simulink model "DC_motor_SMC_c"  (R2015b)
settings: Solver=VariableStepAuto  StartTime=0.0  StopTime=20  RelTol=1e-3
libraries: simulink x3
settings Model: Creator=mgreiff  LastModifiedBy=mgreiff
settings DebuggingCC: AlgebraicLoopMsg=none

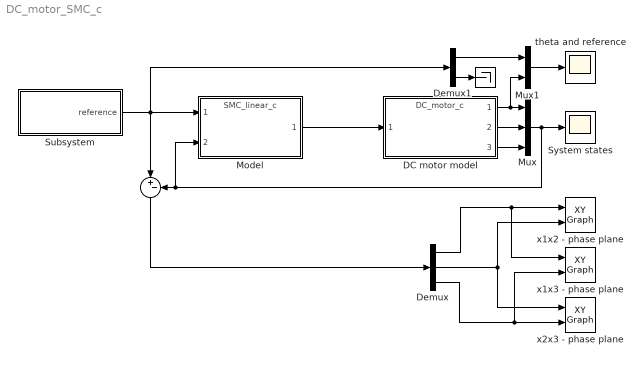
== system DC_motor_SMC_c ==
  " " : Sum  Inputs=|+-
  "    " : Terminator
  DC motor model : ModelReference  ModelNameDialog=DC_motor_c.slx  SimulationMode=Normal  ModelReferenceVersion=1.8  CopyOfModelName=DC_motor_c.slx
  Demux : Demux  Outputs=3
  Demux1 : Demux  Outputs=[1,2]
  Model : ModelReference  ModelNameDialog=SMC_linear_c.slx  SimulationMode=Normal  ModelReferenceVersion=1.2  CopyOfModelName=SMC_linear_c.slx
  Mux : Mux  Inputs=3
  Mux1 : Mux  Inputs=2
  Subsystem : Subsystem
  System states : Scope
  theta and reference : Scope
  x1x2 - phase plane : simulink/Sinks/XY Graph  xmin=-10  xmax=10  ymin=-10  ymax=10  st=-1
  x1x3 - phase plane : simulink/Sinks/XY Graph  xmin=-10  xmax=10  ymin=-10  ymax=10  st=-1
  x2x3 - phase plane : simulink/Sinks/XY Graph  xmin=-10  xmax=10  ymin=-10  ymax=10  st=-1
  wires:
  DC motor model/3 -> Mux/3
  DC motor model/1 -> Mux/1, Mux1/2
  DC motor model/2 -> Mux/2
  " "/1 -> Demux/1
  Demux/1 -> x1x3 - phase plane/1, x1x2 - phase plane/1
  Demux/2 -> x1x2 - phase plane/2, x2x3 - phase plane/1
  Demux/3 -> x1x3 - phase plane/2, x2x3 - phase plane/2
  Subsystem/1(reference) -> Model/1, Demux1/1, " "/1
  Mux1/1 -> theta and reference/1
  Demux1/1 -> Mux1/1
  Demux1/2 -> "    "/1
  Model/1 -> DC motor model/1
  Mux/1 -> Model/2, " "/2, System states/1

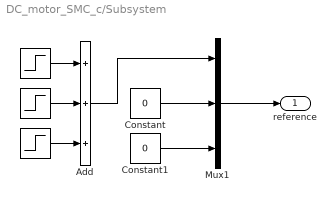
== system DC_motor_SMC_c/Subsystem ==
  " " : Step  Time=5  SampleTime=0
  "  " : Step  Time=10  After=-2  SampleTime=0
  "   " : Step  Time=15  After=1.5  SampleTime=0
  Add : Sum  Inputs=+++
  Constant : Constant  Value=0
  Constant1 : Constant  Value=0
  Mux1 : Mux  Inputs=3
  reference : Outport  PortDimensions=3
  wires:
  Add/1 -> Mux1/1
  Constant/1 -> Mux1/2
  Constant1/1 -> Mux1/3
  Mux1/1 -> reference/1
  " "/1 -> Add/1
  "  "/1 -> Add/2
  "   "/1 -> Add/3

● What to do:
What the answer must hold: all the data above, given again exactly, without pictures.

● Answer to this exercise:
simulink model "DC_motor_SMC_c"  (R2015b)
settings: Solver=VariableStepAuto  StartTime=0.0  StopTime=20  RelTol=1e-3
libraries: simulink x3
settings Model: Creator=mgreiff  LastModifiedBy=mgreiff
settings DebuggingCC: AlgebraicLoopMsg=none

== system DC_motor_SMC_c ==
  " " : Sum  Inputs=|+-
  "    " : Terminator
  DC motor model : ModelReference  ModelNameDialog=DC_motor_c.slx  SimulationMode=Normal  ModelReferenceVersion=1.8  CopyOfModelName=DC_motor_c.slx
  Demux : Demux  Outputs=3
  Demux1 : Demux  Outputs=[1,2]
  Model : ModelReference  ModelNameDialog=SMC_linear_c.slx  SimulationMode=Normal  ModelReferenceVersion=1.2  CopyOfModelName=SMC_linear_c.slx
  Mux : Mux  Inputs=3
  Mux1 : Mux  Inputs=2
  Subsystem : Subsystem
  System states : Scope
  theta and reference : Scope
  x1x2 - phase plane : simulink/Sinks/XY Graph  xmin=-10  xmax=10  ymin=-10  ymax=10  st=-1
  x1x3 - phase plane : simulink/Sinks/XY Graph  xmin=-10  xmax=10  ymin=-10  ymax=10  st=-1
  x2x3 - phase plane : simulink/Sinks/XY Graph  xmin=-10  xmax=10  ymin=-10  ymax=10  st=-1
  wires:
  DC motor model/3 -> Mux/3
  DC motor model/1 -> Mux/1, Mux1/2
  DC motor model/2 -> Mux/2
  " "/1 -> Demux/1
  Demux/1 -> x1x3 - phase plane/1, x1x2 - phase plane/1
  Demux/2 -> x1x2 - phase plane/2, x2x3 - phase plane/1
  Demux/3 -> x1x3 - phase plane/2, x2x3 - phase plane/2
  Subsystem/1(reference) -> Model/1, Demux1/1, " "/1
  Mux1/1 -> theta and reference/1
  Demux1/1 -> Mux1/1
  Demux1/2 -> "    "/1
  Model/1 -> DC motor model/1
  Mux/1 -> Model/2, " "/2, System states/1

== system DC_motor_SMC_c/Subsystem ==
  " " : Step  Time=5  SampleTime=0
  "  " : Step  Time=10  After=-2  SampleTime=0
  "   " : Step  Time=15  After=1.5  SampleTime=0
  Add : Sum  Inputs=+++
  Constant : Constant  Value=0
  Constant1 : Constant  Value=0
  Mux1 : Mux  Inputs=3
  reference : Outport  PortDimensions=3
  wires:
  Add/1 -> Mux1/1
  Constant/1 -> Mux1/2
  Constant1/1 -> Mux1/3
  Mux1/1 -> reference/1
  " "/1 -> Add/1
  "  "/1 -> Add/2
  "   "/1 -> Add/3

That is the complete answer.